> [PROBLEM DESCRIPTION] Every line below that holds "döşeme" must be copied.

> [RECORDS FOR THE EXERCISE]
■ ■ ■ ■

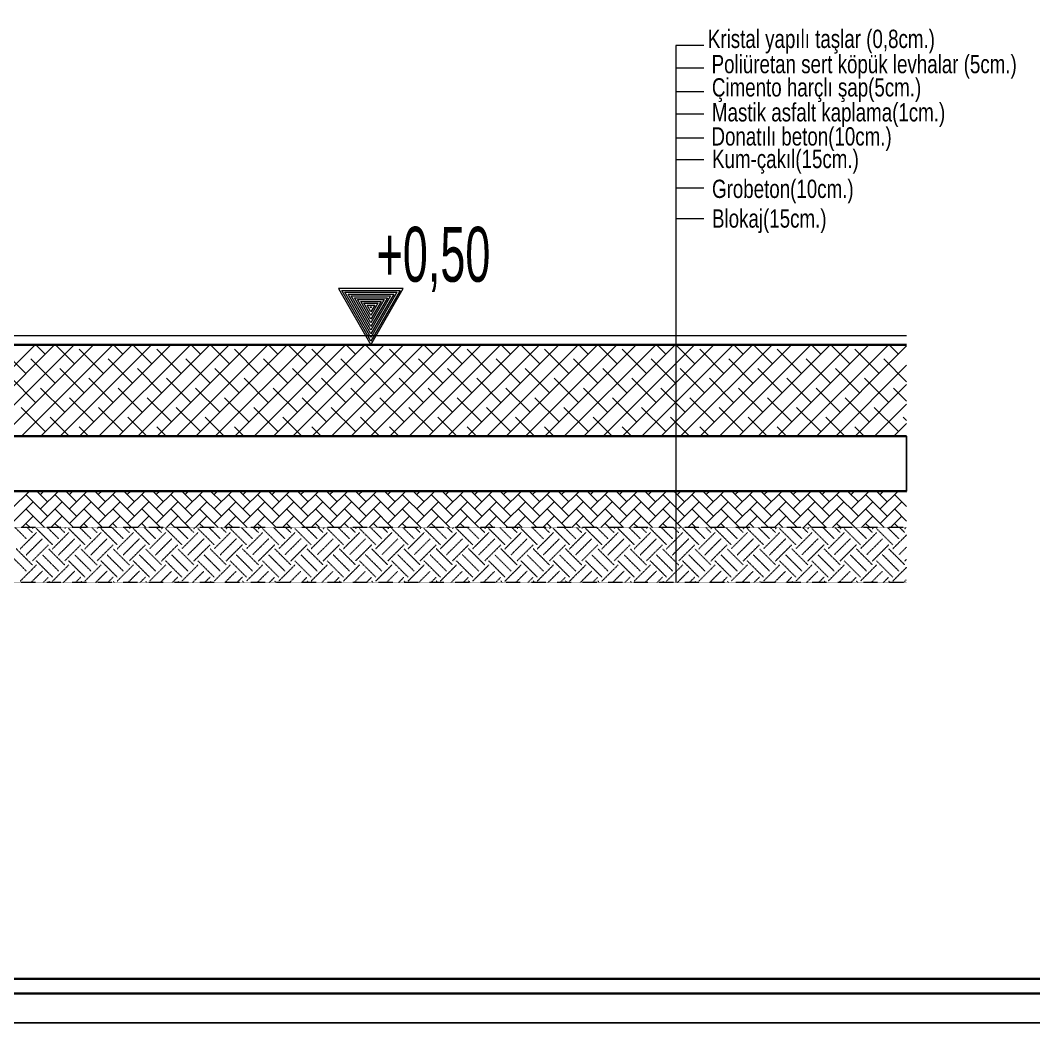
# Model space of a CAD drawing. Extents: x 775040 to 808375, y 4159409 to 4163651.
# Drawn here: x 805456 to 806150, y 4159409 to 4160094 of the extents above; entities that cross this region are included whole.
import ezdxf

# ---------------------------------------------------------------- set-up
doc = ezdxf.new("R2010")
doc.units = 0
doc.header["$MEASUREMENT"] = 0
doc.linetypes.add('DASHED2', pattern=[0.1875, 0.125, -0.0625])
for name, color, linetype, lineweight in [('25yazi', 255, 'Continuous', 15), ('KALIN', 30, 'Continuous', 18), ('P-HatchLight', 200, 'Continuous', 5), ('P-Levels', 240, 'Continuous', 20), ('P-Oklar', 31, 'Continuous', 18), ('Z_antet', 31, 'Continuous', 30), ('Z_g3', 3, 'Continuous', 13), ('Z_iç ölçü dikey', 111, 'Continuous', 25), ('Z_kesit döşeme', 5, 'Continuous', 30), ('Z_sıva', 241, 'Continuous', 5), ('Z_tarama', 8, 'Continuous', 5)]:
    doc.layers.add(name, color=color, linetype=linetype, lineweight=lineweight)
doc.layers.add('kot', color=4, linetype='Continuous')
doc.styles.add('10', font='swisscl.ttf', dxfattribs={"height": 10})
doc.styles.add('50', font='swisscl.ttf', dxfattribs={"height": 50})

# ---------------------------------------------------------------- blocks, each defined once
blk = doc.blocks.new('KOTLAMAGORUNUS KESITTE')
at = {"layer": 'P-HatchLight'}
for points in [[(0.1521, 0.1484), (0.0722, 0.01), (-0.0077, 0.1484)], [(0.1434, 0.1434), (0.0722, 0.02), (0.0009, 0.1434)], [(0.1348, 0.1384), (0.0722, 0.03), (0.0096, 0.1384)], [(0.1261, 0.1334), (0.0722, 0.04), (0.0183, 0.1334)], [(0.1175, 0.1284), (0.0722, 0.05), (0.0269, 0.1284)], [(0.1088, 0.1234), (0.0722, 0.06), (0.0356, 0.1234)], [(0.1001, 0.1184), (0.0722, 0.07), (0.0442, 0.1184)], [(0.0915, 0.1134), (0.0722, 0.08), (0.0529, 0.1134)], [(0.0828, 0.1084), (0.0722, 0.09), (0.0616, 0.1084)], [(0.0742, 0.1034), (0.0722, 0.1), (0.0702, 0.1034)]]:
    blk.add_lwpolyline(points, close=True, dxfattribs=at)
at = {"layer": 'P-Oklar', "color": 2, "ltscale": 0.5}
blk.add_line((0, 0), (0.7795, 0), dxfattribs=at)
blk.add_lwpolyline([(-0.0164, 0.1534), (0.0722, 0), (0.1608, 0.1534)], close=True, dxfattribs=at)
at = {"layer": 'P-Levels', "color": 7, "style": '50', "width": 0.8}
blk.add_attdef('%%P0.00', (-0.0314, 0.1775), '', height=0.15, dxfattribs=at)

msp = doc.modelspace()

# ---------------------------------------------------------------- linework, layer by layer
at = {"layer": 'KALIN'}
for p, q in [((801720.3, 4159408.75), (808375.4, 4159408.75)), ((808375.4, 4159408.75), (801740.3, 4159408.75))]:
    msp.add_line(p, q, dxfattribs=at)
at = {"layer": 'Z_antet'}
for p, q in [((801870.3, 4159438.75), (808375.4, 4159438.75)), ((808375.4, 4159428.75), (801860.3, 4159428.75))]:
    msp.add_line(p, q, dxfattribs=at)
at = {"layer": 'Z_g3'}
for p, q in [((805923.94, 4160076.75), (805904.75, 4160076.75)), ((805904.75, 4160076.75), (805904.75, 4159709.77)), ((805923.94, 4160061.4), (805904.75, 4160061.4)), ((805923.94, 4160045.15), (805904.75, 4160045.15)), ((805923.94, 4160029.81), (805904.75, 4160029.81)), ((805923.94, 4160013.39), (805904.75, 4160013.39)), ((805923.94, 4159998.64), (805904.75, 4159998.64)), ((805923.94, 4159979.33), (805904.75, 4159979.33)), ((805923.94, 4159958.29), (805904.75, 4159958.29))]:
    msp.add_line(p, q, dxfattribs=at)
at = {"layer": 'Z_iç ölçü dikey', "color": 5, "linetype": 'Continuous'}
msp.add_line((806062.59, 4159809.77), (806062.59, 4159772.27), dxfattribs=at)
at = {"layer": 'Z_kesit döşeme', "linetype": 'Continuous'}
msp.add_line((804893.76, 4159872.27), (806062.59, 4159872.27), dxfattribs=at)
msp.add_lwpolyline([(806062.59, 4159809.77), (802323.76, 4159809.77), (802323.76, 4159622.27), (802473.76, 4159622.27), (802473.76, 4159772.27), (803786.26, 4159772.27), (803786.26, 4159622.27), (803936.26, 4159622.27), (803936.26, 4159772.27), (804786.26, 4159772.27), (804786.26, 4159622.27), (804936.26, 4159622.27), (804936.26, 4159772.27), (806062.59, 4159772.27)], dxfattribs=at)
at = {"layer": 'Z_sıva', "linetype": 'Continuous'}
msp.add_lwpolyline([(806062.59, 4160536.02), (805921.46, 4160536.02), (804900.01, 4159892.25), (804900.01, 4159878.52), (806062.59, 4159878.52)], dxfattribs=at)
at = {"layer": 'Z_tarama'}
for p, q in [((805404.24, 4159809.77), (805466.74, 4159872.27)), ((805417.5, 4159809.77), (805480, 4159872.27)), ((805430.76, 4159809.77), (805493.26, 4159872.27)), ((805460.36, 4159852.62), (805443.78, 4159869.2)), ((805444.02, 4159809.77), (805506.52, 4159872.27)), ((805457.28, 4159809.77), (805519.78, 4159872.27)), ((805473.61, 4159865.88), (805467.22, 4159872.27)), ((805470.54, 4159809.77), (805533.04, 4159872.27)), ((805493.5, 4159859.25), (805480.48, 4159872.27)), ((805483.79, 4159809.77), (805546.29, 4159872.27)), ((805513.39, 4159852.62), (805496.82, 4159869.2)), ((805497.05, 4159809.77), (805559.55, 4159872.27)), ((805510.31, 4159809.77), (805572.81, 4159872.27)), ((805526.65, 4159865.88), (805520.26, 4159872.27)), ((805523.57, 4159809.77), (805586.07, 4159872.27)), ((805546.53, 4159859.25), (805533.52, 4159872.27)), ((805536.83, 4159809.77), (805599.33, 4159872.27)), ((805566.42, 4159852.62), (805549.85, 4159869.2)), ((805550.08, 4159809.77), (805612.58, 4159872.27)), ((805563.34, 4159809.77), (805625.84, 4159872.27)), ((805579.68, 4159865.88), (805573.29, 4159872.27)), ((805576.6, 4159809.77), (805639.1, 4159872.27)), ((805599.57, 4159859.25), (805586.55, 4159872.27)), ((805589.86, 4159809.77), (805652.36, 4159872.27)), ((805619.45, 4159852.62), (805602.88, 4159869.2)), ((805603.12, 4159809.77), (805665.62, 4159872.27)), ((805616.38, 4159809.77), (805678.88, 4159872.27)), ((805632.71, 4159865.88), (805626.32, 4159872.27)), ((805629.63, 4159809.77), (805692.13, 4159872.27)), ((805652.6, 4159859.25), (805639.58, 4159872.27)), ((805642.89, 4159809.77), (805705.39, 4159872.27)), ((805672.49, 4159852.62), (805655.91, 4159869.2)), ((805656.15, 4159809.77), (805718.65, 4159872.27)), ((805669.41, 4159809.77), (805731.91, 4159872.27)), ((805685.75, 4159865.88), (805679.36, 4159872.27)), ((805682.67, 4159809.77), (805745.17, 4159872.27)), ((805705.63, 4159859.25), (805692.62, 4159872.27)), ((805695.93, 4159809.77), (805758.43, 4159872.27)), ((805725.52, 4159852.62), (805708.95, 4159869.2)), ((805709.18, 4159809.77), (805771.68, 4159872.27)), ((805722.44, 4159809.77), (805784.94, 4159872.27)), ((805738.78, 4159865.88), (805732.39, 4159872.27)), ((805735.7, 4159809.77), (805798.2, 4159872.27)), ((805758.67, 4159859.25), (805745.65, 4159872.27)), ((805748.96, 4159809.77), (805811.46, 4159872.27)), ((805778.55, 4159852.62), (805761.98, 4159869.2)), ((805762.22, 4159809.77), (805824.72, 4159872.27)), ((805775.47, 4159809.77), (805837.97, 4159872.27)), ((805791.81, 4159865.88), (805785.42, 4159872.27)), ((805788.73, 4159809.77), (805851.23, 4159872.27)), ((805811.7, 4159859.25), (805798.68, 4159872.27)), ((805801.99, 4159809.77), (805864.49, 4159872.27)), ((805831.59, 4159852.62), (805815.01, 4159869.2)), ((805815.25, 4159809.77), (805877.75, 4159872.27)), ((805828.51, 4159809.77), (805891.01, 4159872.27)), ((805844.84, 4159865.88), (805838.46, 4159872.27)), ((805841.77, 4159809.77), (805904.27, 4159872.27)), ((805864.73, 4159859.25), (805851.71, 4159872.27)), ((805855.02, 4159809.77), (805917.52, 4159872.27)), ((805884.62, 4159852.62), (805868.05, 4159869.2)), ((805868.28, 4159809.77), (805930.78, 4159872.27)), ((805881.54, 4159809.77), (805944.04, 4159872.27)), ((805897.88, 4159865.88), (805891.49, 4159872.27)), ((805894.8, 4159809.77), (805957.3, 4159872.27)), ((805917.76, 4159859.25), (805904.75, 4159872.27)), ((805908.06, 4159809.77), (805970.56, 4159872.27)), ((805937.65, 4159852.62), (805921.08, 4159869.2)), ((805921.32, 4159809.77), (805983.82, 4159872.27)), ((805934.57, 4159809.77), (805997.07, 4159872.27)), ((805950.91, 4159865.88), (805944.52, 4159872.27)), ((805947.83, 4159809.77), (806010.33, 4159872.27)), ((805970.8, 4159859.25), (805957.78, 4159872.27)), ((805961.09, 4159809.77), (806023.59, 4159872.27)), ((805990.69, 4159852.62), (805974.11, 4159869.2)), ((805974.35, 4159809.77), (806036.85, 4159872.27)), ((805987.61, 4159809.77), (806050.11, 4159872.27)), ((806003.94, 4159865.88), (805997.55, 4159872.27)), ((806000.87, 4159809.77), (806062.59, 4159871.5)), ((806023.83, 4159859.25), (806010.81, 4159872.27)), ((806043.72, 4159852.62), (806027.15, 4159869.2)), ((806056.98, 4159865.88), (806050.59, 4159872.27)), ((805480.24, 4159845.99), (805463.67, 4159862.57)), ((805533.28, 4159845.99), (805516.7, 4159862.57)), ((805586.31, 4159845.99), (805569.74, 4159862.57)), ((805639.34, 4159845.99), (805622.77, 4159862.57)), ((805692.37, 4159845.99), (805675.8, 4159862.57)), ((805745.41, 4159845.99), (805728.83, 4159862.57)), ((805798.44, 4159845.99), (805781.87, 4159862.57)), ((805851.47, 4159845.99), (805834.9, 4159862.57)), ((805904.51, 4159845.99), (805887.93, 4159862.57)), ((805957.54, 4159845.99), (805940.97, 4159862.57)), ((806010.57, 4159845.99), (805994, 4159862.57)), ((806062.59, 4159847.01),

■ ■ ■ ■

> [EXERCISE OUTPUT]
for name, color, linetype, lineweight in [('25yazi', 255, 'Continuous', 15), ('KALIN', 30, 'Continuous', 18), ('P-HatchLight', 200, 'Continuous', 5), ('P-Levels', 240, 'Continuous', 20), ('P-Oklar', 31, 'Continuous', 18), ('Z_antet', 31, 'Continuous', 30), ('Z_g3', 3, 'Continuous', 13), ('Z_iç ölçü dikey', 111, 'Continuous', 25), ('Z_kesit döşeme', 5, 'Continuous', 30), ('Z_sıva', 241, 'Continuous', 5), ('Z_tarama', 8, 'Continuous', 5)]:
at = {"layer": 'Z_kesit döşeme', "linetype": 'Continuous'}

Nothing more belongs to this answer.